Stars Are Thousands Of Times Closer Than They Appear

_by michael.suede » Wed Mar 02, 2011 6:50 pm
_http://astronomyinformation.org/astronomy/1.htm
_Since we know red shift does not equate to distance, this is some major icing on the cake.
_If the authors calculations are correct, which they appear to be, then the stars are within light DAYS of us, not light years.
_Of course the author is confused about what constitutes stars in the end because he is unfamiliar with EU theory, however his depictions of brightness and parallaxes seem spot on.
_There is just no way we should be able to see "billions of light years" into space.
_https://sites.google.com/site/cosmologyquest/files/AstronomyDec28-2008.pdf?attredirects=0&d=1

_ by michael.suede » Wed Mar 02, 2011 8:00 pm
_His theory about galaxies being star systems isn't right because we can measure the rotation rates, but I'm really digging his views about how far we should reasonably be able to see with our equipment.
_"Billions of light years" is impossible.

_by Lloyd » Sat Mar 05, 2011 12:53 pm
_POSSIBLY A VERY MAJOR FINDING
_The author said it's very hard to measure actual parallax of "stars", so scientists turned to measuring relative parallax instead, which involves imaging stars and seeing if any of them have moved with respect to the others.
_They assume that most of the "stars" are relatively fixed and those that change position relative to the others are either planets or closer stars.
_The author points out that they overlooked the possibility that the ones considered "fixed" may actually have moved as well, but just not with respect to each other.
_The author contends that most of what are called stars are actually planets, though I imagine they may be more likely brown dwarf stars, which can be as small as our large planets.
_He also thinks the Sun is the center of the galaxy and that galaxies are large planetary systems, rather than star systems.
_What I'd like to see is actual estimates of how far away the nearest galaxies actually are, but I don't know if his book gives any estimates so far.
_I'm also curious what he says about stellar spectra.

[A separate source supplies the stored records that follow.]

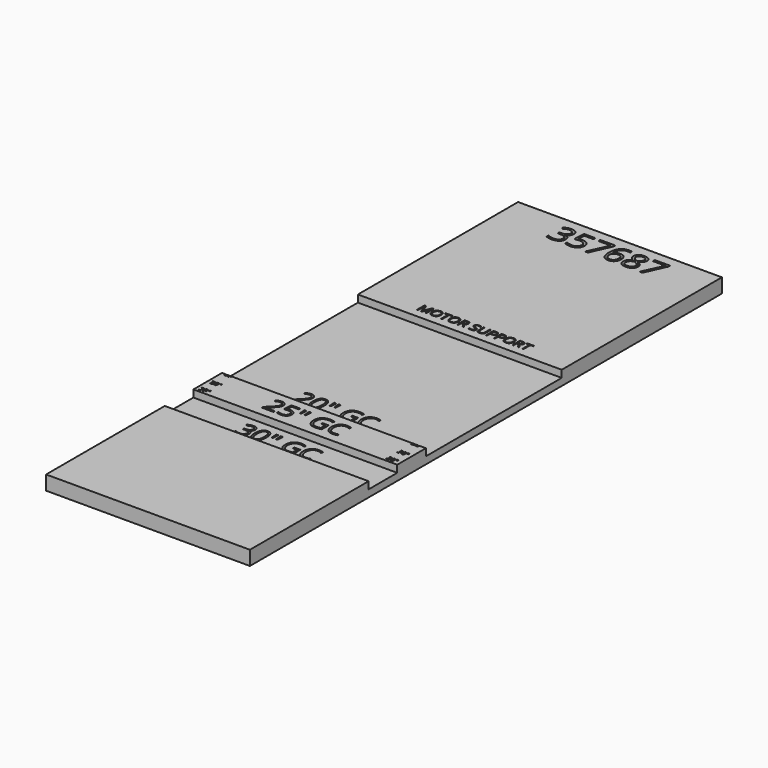
from build123d import *

# Parameters (mm, degrees)
F0_W           = 723.9
F0_H           = 2095.5
F1_DEPTH       = 25.4
F2_W           = 723.9
F2_H           = 127
F2_H_2         = 527.05
F2_H_3         = 711.2
F3_DEPTH       = 25.4
F4_TEXT_SIZE   = 113.0478249656
F4_TEXT_SIZE_2 = 47.4071337117
F4_TEXT_SIZE_3 = 87.5208940771
F5_DEPTH       = 25.4
F5_DEPTH_BACK  = 25.4
F6_TEXT_SIZE   = 22.7675669723
F7_DEPTH       = 25.4
F7_DEPTH_BACK  = 25.4


# Not quite as in the source:
# - Text() gives the source's letters only with a copy of the font that has no kerning and outlines rounded to 1/6400 em; it was checked with that copy


with BuildPart() as f1:
    # F0 (on Top) → F1 (new body)
    with BuildSketch(Plane.XY):
        with Locations((4.8693418503, 561.8504943811)):
            Rectangle(F0_W, F0_H)
    extrude(amount=F1_DEPTH)

    # F2 (on face) → F3 (join)
    with BuildSketch(Plane.XY.offset(25.4)):
        with Locations((4.8693418503, 231.6504943811)):
            Rectangle(F2_W, F2_H)
        with Locations((4.8693418503, -222.3745056189)):
            Rectangle(F2_W, F2_H_2)
        with Locations((4.8693418503, 1254.0004943811)):
            Rectangle(F2_W, F2_H_3)
    extrude(amount=F3_DEPTH)

    # F4 (on face) → F5 (cut, two sides)
    with BuildSketch(Plane.XY.offset(25.4)) as f5_sk:
        with Locations((-171.3279299438, 1493.4318065643)):
            Text('357687', F4_TEXT_SIZE, font='Open Sans', text_align=(TextAlign.LEFT, TextAlign.BOTTOM))
        with Locations((-176.5790991485, 928.9220571518)):
            Text('MOTOR SUPPORT', F4_TEXT_SIZE_2, font='Open Sans', text_align=(TextAlign.LEFT, TextAlign.BOTTOM))
        with Locations((-138.7617159635, 325.4747390747)):
            Text('20" GC', F4_TEXT_SIZE_3, font='Open Sans', text_align=(TextAlign.LEFT, TextAlign.BOTTOM))
        with Locations((-144.4439888, 201.0848224163)):
            Text('25" GC', F4_TEXT_SIZE_3, font='Open Sans', text_align=(TextAlign.LEFT, TextAlign.BOTTOM))
        with Locations((-144.7799950838, 75.9387984872)):
            Text('30" GC', F4_TEXT_SIZE_3, font='Open Sans', text_align=(TextAlign.LEFT, TextAlign.BOTTOM))
    extrude(amount=-F5_DEPTH, mode=Mode.SUBTRACT)
    extrude(f5_sk.sketch, amount=F5_DEPTH_BACK, mode=Mode.SUBTRACT)

    # F6 (on face) → F7 (cut, two sides)
    with BuildSketch(Plane.XY.offset(25.4)) as f7_sk:
        with Locations((319.0148472786, 288.3253097534)):
            Text('25"', F6_TEXT_SIZE, font='Open Sans', text_align=(TextAlign.LEFT, TextAlign.BOTTOM))
        with Locations((318.9071416855, 225.5509197712)):
            Text('30"', F6_TEXT_SIZE, font='Open Sans', text_align=(TextAlign.LEFT, TextAlign.BOTTOM))
        with Locations((319.1503286362, 175.9983599186)):
            Text('20"', F6_TEXT_SIZE, font='Open Sans', text_align=(TextAlign.LEFT, TextAlign.BOTTOM))
        with Locations((-347.0560908318, 288.0974858999)):
            Text('25"', F6_TEXT_SIZE, font='Open Sans', text_align=(TextAlign.LEFT, TextAlign.BOTTOM))
        with Locations((-347.1637964249, 225.3230959177)):
            Text('30"', F6_TEXT_SIZE, font='Open Sans', text_align=(TextAlign.LEFT, TextAlign.BOTTOM))
        with Locations((-346.9206094742, 175.7705360651)):
            Text('20"', F6_TEXT_SIZE, font='Open Sans', text_align=(TextAlign.LEFT, TextAlign.BOTTOM))
    extrude(amount=F7_DEPTH, mode=Mode.SUBTRACT)
    extrude(f7_sk.sketch, amount=-F7_DEPTH_BACK, mode=Mode.SUBTRACT)


solid = f1.part
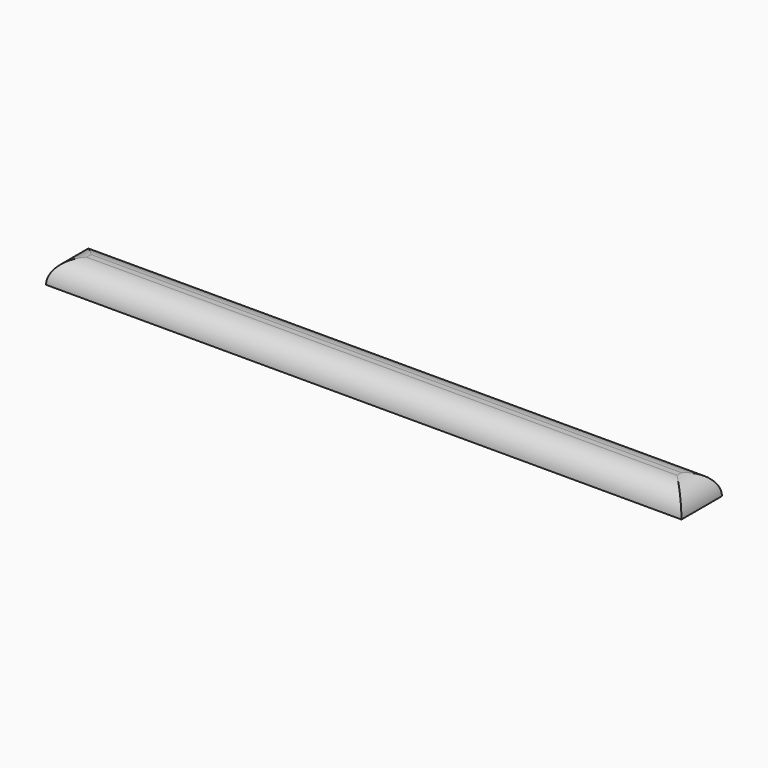
from build123d import *

# Parameters (mm, degrees)
F0_W     = 113.008
F0_H     = 9
F1_DEPTH = 4
F2_R     = 3.99999


# Not quite as in the source:
# - a fillet or chamfer is up to 0.001 mm smaller than in the source, because OpenCascade refuses the exact size


with BuildPart() as f1:
    # F0 (on Top) → F1 (new body)
    with BuildSketch(Plane.XY):
        Rectangle(F0_W, F0_H)
    extrude(amount=F1_DEPTH)

    # F2 (radius 4 in the source; OpenCascade refuses exactly that, so slightly less here)
    f2_edges = [f1.edges().sort_by_distance(p)[0] for p in [
        (0, 4.5, 4),
        (0, -4.5, 4),
        (-56.504, 0, 4),
        (56.504, 0, 4),
    ]]
    fillet(f2_edges, radius=F2_R)


solid = f1.part

_by Lloyd » Sun Mar 06, 2011 4:23 pm
_I just heard that the author of the book, Revolution in Astronomy, is dead.
_He also covered redshift and pointed out why it's an erroneous method, which is already known in EU.
_He didn't cover the other methods, like Cepheid variables etc, much but explained that those variables are likely to be planets rather than distant stars.
_Measuring Stellar Distances
_ The maximum distance an object can be seen through the Hubble telescope is 357.14 times the distance that the naked eye can see.
_ Measuring that angle is too difficult and complicated, so astronomers have abandoned measuring absolute parallaxes.
_ Instead, they have turned to measuring relative parallaxes.
_ This is done by taking 2 or more photographs of stars six months apart and finding which ones have changed positions.
_ It is assumed that the stars that don't change position don't have significant parallaxes of their own.
_ This assumption has apparently never been tested.
_ The fact that over 25% of the parallaxes of the fixed stars are negative indicates that they are actually closer than the stars with changed positions.
_ Measurements that are negative or greater than an arc-second are wrongly discarded as errors.
_ A planet 500 AU from the Earth will have an absolute parallax smaller than 0.7 mm viewed at 34 cm.
_ Bear in mind that this is the absolute parallax, which is never measured.
_ In 2006 a few distant objects thought to be stars were moved to the list of planets after noticing a change in their position.
_ Stars appear as points of light no matter how much magnification is used.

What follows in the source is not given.